§ **WHAT THE TASK REQUIRES**: Your answer must be the lines from the first record through the line that contains "#10710 = LINE ( 'NONE', #10927, #5668 ) ;", copied exactly and without any pictures.

§ **EXTRACTED DATA**:
□ □ □ □
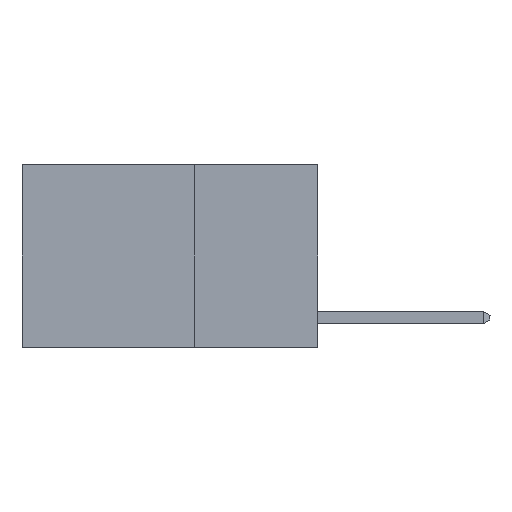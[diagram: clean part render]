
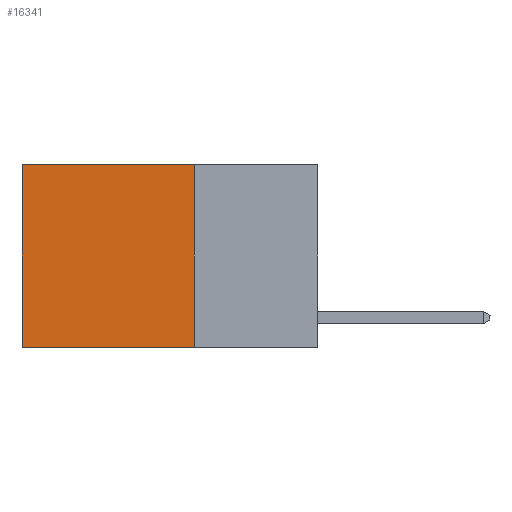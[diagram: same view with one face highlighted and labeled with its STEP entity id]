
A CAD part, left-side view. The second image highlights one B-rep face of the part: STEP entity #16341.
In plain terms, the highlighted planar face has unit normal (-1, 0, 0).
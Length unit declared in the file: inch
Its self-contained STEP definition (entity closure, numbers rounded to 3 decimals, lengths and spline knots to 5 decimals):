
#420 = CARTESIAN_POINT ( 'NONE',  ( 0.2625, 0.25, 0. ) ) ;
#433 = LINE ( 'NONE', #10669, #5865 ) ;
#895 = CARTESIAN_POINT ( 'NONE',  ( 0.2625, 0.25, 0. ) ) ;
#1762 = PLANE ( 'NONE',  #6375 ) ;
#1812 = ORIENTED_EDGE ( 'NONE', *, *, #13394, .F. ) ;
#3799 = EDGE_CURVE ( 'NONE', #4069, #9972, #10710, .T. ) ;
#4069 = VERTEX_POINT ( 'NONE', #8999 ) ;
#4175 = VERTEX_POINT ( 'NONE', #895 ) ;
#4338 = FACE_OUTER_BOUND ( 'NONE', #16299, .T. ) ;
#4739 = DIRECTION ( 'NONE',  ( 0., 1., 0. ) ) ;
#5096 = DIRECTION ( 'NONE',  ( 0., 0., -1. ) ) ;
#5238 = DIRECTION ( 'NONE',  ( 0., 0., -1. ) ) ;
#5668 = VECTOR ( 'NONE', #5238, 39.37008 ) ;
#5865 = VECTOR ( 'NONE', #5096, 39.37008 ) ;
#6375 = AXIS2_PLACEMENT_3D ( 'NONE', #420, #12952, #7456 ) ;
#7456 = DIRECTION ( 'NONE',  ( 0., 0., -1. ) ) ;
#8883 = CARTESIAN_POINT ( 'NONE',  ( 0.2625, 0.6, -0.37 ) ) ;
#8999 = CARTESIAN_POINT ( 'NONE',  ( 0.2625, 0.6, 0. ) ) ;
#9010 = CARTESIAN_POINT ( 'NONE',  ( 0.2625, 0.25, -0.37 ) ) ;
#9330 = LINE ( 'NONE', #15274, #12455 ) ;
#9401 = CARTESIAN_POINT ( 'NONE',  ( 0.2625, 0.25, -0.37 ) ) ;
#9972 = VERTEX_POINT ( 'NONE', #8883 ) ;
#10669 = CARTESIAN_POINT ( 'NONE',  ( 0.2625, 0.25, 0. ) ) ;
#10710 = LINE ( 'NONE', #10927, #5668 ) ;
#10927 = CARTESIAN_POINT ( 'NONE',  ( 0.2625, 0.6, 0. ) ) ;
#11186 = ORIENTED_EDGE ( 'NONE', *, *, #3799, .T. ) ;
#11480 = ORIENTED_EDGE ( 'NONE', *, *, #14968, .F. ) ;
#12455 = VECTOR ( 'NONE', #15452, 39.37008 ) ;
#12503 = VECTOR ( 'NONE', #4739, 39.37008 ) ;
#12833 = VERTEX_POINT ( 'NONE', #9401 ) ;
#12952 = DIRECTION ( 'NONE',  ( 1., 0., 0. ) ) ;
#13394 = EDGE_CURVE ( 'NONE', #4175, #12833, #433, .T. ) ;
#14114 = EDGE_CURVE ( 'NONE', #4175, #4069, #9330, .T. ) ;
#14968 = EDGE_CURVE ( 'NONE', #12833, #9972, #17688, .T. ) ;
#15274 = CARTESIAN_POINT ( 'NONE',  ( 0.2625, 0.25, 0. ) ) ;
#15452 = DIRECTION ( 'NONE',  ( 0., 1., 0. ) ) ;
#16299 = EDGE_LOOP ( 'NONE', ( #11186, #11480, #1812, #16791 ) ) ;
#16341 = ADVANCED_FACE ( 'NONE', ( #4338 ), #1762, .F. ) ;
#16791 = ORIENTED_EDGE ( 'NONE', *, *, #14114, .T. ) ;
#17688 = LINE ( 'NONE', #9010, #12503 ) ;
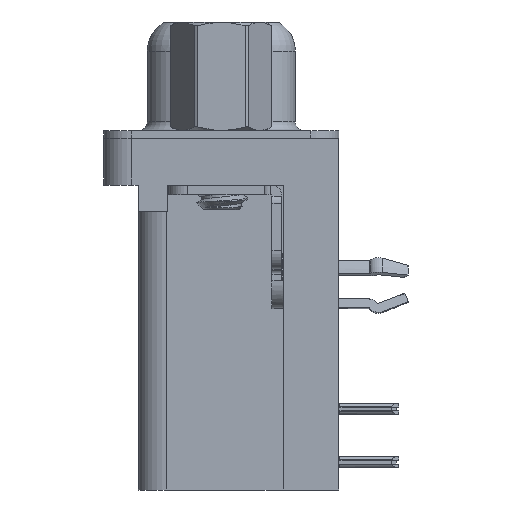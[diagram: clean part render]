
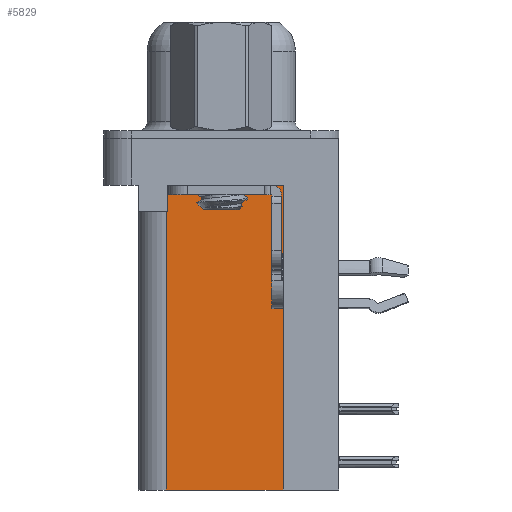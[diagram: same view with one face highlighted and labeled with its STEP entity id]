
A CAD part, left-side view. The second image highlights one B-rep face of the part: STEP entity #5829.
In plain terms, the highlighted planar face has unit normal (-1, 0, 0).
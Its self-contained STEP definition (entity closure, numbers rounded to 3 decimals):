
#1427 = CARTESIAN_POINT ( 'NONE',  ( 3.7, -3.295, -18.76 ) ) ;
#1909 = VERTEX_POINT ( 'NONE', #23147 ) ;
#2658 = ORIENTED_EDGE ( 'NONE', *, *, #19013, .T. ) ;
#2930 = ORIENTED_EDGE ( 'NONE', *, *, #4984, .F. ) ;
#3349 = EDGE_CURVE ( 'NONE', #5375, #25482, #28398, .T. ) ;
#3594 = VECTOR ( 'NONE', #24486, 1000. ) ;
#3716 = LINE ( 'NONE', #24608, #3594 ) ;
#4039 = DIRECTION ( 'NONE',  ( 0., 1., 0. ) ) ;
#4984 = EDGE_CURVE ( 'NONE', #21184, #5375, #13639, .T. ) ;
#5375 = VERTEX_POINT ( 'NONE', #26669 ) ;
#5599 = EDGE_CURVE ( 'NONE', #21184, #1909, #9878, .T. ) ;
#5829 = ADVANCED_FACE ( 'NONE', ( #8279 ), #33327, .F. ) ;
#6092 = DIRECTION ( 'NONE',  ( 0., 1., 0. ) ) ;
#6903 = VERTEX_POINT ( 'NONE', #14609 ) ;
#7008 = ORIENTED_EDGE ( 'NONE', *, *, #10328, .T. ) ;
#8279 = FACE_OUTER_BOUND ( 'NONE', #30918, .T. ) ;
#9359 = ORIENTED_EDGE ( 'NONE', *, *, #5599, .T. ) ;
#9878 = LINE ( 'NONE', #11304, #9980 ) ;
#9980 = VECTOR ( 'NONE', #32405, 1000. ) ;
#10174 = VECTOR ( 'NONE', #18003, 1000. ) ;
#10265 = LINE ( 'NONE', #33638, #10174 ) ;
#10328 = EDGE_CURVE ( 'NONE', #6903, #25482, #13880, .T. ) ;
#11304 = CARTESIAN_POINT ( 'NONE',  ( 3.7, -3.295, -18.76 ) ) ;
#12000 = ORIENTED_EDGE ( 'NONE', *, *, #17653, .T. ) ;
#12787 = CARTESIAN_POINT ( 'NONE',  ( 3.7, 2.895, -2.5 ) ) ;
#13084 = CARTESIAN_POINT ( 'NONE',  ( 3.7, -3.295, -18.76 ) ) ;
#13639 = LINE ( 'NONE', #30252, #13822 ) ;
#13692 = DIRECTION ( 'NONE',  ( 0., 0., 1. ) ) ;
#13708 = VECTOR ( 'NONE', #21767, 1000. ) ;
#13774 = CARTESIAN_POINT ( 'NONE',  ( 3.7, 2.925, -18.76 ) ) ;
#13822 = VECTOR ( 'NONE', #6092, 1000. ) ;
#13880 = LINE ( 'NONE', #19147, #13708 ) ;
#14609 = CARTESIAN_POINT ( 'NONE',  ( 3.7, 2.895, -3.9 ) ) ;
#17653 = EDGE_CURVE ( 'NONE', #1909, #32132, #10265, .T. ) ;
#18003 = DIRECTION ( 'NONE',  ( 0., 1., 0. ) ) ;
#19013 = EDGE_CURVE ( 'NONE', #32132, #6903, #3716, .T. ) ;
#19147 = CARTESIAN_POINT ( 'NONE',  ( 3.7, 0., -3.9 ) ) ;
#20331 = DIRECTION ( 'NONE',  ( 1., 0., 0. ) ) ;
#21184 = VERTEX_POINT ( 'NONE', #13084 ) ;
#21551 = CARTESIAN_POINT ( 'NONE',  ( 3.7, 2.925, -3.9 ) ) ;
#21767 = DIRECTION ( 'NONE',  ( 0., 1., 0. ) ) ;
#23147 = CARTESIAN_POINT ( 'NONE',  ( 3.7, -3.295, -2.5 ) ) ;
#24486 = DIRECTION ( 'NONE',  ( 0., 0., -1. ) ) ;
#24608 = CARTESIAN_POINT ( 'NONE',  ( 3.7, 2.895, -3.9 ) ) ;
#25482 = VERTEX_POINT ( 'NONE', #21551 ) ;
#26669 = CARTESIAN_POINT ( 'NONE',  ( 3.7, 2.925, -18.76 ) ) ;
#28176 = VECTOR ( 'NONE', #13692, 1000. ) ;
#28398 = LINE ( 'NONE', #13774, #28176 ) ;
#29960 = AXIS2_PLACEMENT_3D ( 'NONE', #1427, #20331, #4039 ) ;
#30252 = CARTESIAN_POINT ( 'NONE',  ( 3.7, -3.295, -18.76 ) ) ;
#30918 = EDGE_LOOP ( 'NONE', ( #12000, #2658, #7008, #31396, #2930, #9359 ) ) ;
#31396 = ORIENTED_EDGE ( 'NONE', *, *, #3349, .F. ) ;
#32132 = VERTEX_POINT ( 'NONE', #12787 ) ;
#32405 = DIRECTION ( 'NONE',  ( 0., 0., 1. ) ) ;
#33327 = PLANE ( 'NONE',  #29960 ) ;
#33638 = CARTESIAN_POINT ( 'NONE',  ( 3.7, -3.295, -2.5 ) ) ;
□ □ □ □
§ **EXERCISE RESPONSE**:
[diagram: clean part render]
[diagram: same view with one face highlighted and labeled with its STEP entity id]
A CAD part, left-side view. The second image highlights one B-rep face of the part: STEP entity #16341.
In plain terms, the highlighted planar face has unit normal (-1, 0, 0).
Length unit declared in the file: inch
Its self-contained STEP definition (entity closure, numbers rounded to 3 decimals, lengths and spline knots to 5 decimals):
#420 = CARTESIAN_POINT ( 'NONE',  ( 0.2625, 0.25, 0. ) ) ;
#433 = LINE ( 'NONE', #10669, #5865 ) ;
#895 = CARTESIAN_POINT ( 'NONE',  ( 0.2625, 0.25, 0. ) ) ;
#1762 = PLANE ( 'NONE',  #6375 ) ;
#1812 = ORIENTED_EDGE ( 'NONE', *, *, #13394, .F. ) ;
#3799 = EDGE_CURVE ( 'NONE', #4069, #9972, #10710, .T. ) ;
#4069 = VERTEX_POINT ( 'NONE', #8999 ) ;
#4175 = VERTEX_POINT ( 'NONE', #895 ) ;
#4338 = FACE_OUTER_BOUND ( 'NONE', #16299, .T. ) ;
#4739 = DIRECTION ( 'NONE',  ( 0., 1., 0. ) ) ;
#5096 = DIRECTION ( 'NONE',  ( 0., 0., -1. ) ) ;
#5238 = DIRECTION ( 'NONE',  ( 0., 0., -1. ) ) ;
#5668 = VECTOR ( 'NONE', #5238, 39.37008 ) ;
#5865 = VECTOR ( 'NONE', #5096, 39.37008 ) ;
#6375 = AXIS2_PLACEMENT_3D ( 'NONE', #420, #12952, #7456 ) ;
#7456 = DIRECTION ( 'NONE',  ( 0., 0., -1. ) ) ;
#8883 = CARTESIAN_POINT ( 'NONE',  ( 0.2625, 0.6, -0.37 ) ) ;
#8999 = CARTESIAN_POINT ( 'NONE',  ( 0.2625, 0.6, 0. ) ) ;
#9010 = CARTESIAN_POINT ( 'NONE',  ( 0.2625, 0.25, -0.37 ) ) ;
#9330 = LINE ( 'NONE', #15274, #12455 ) ;
#9401 = CARTESIAN_POINT ( 'NONE',  ( 0.2625, 0.25, -0.37 ) ) ;
#9972 = VERTEX_POINT ( 'NONE', #8883 ) ;
#10669 = CARTESIAN_POINT ( 'NONE',  ( 0.2625, 0.25, 0. ) ) ;
#10710 = LINE ( 'NONE', #10927, #5668 ) ;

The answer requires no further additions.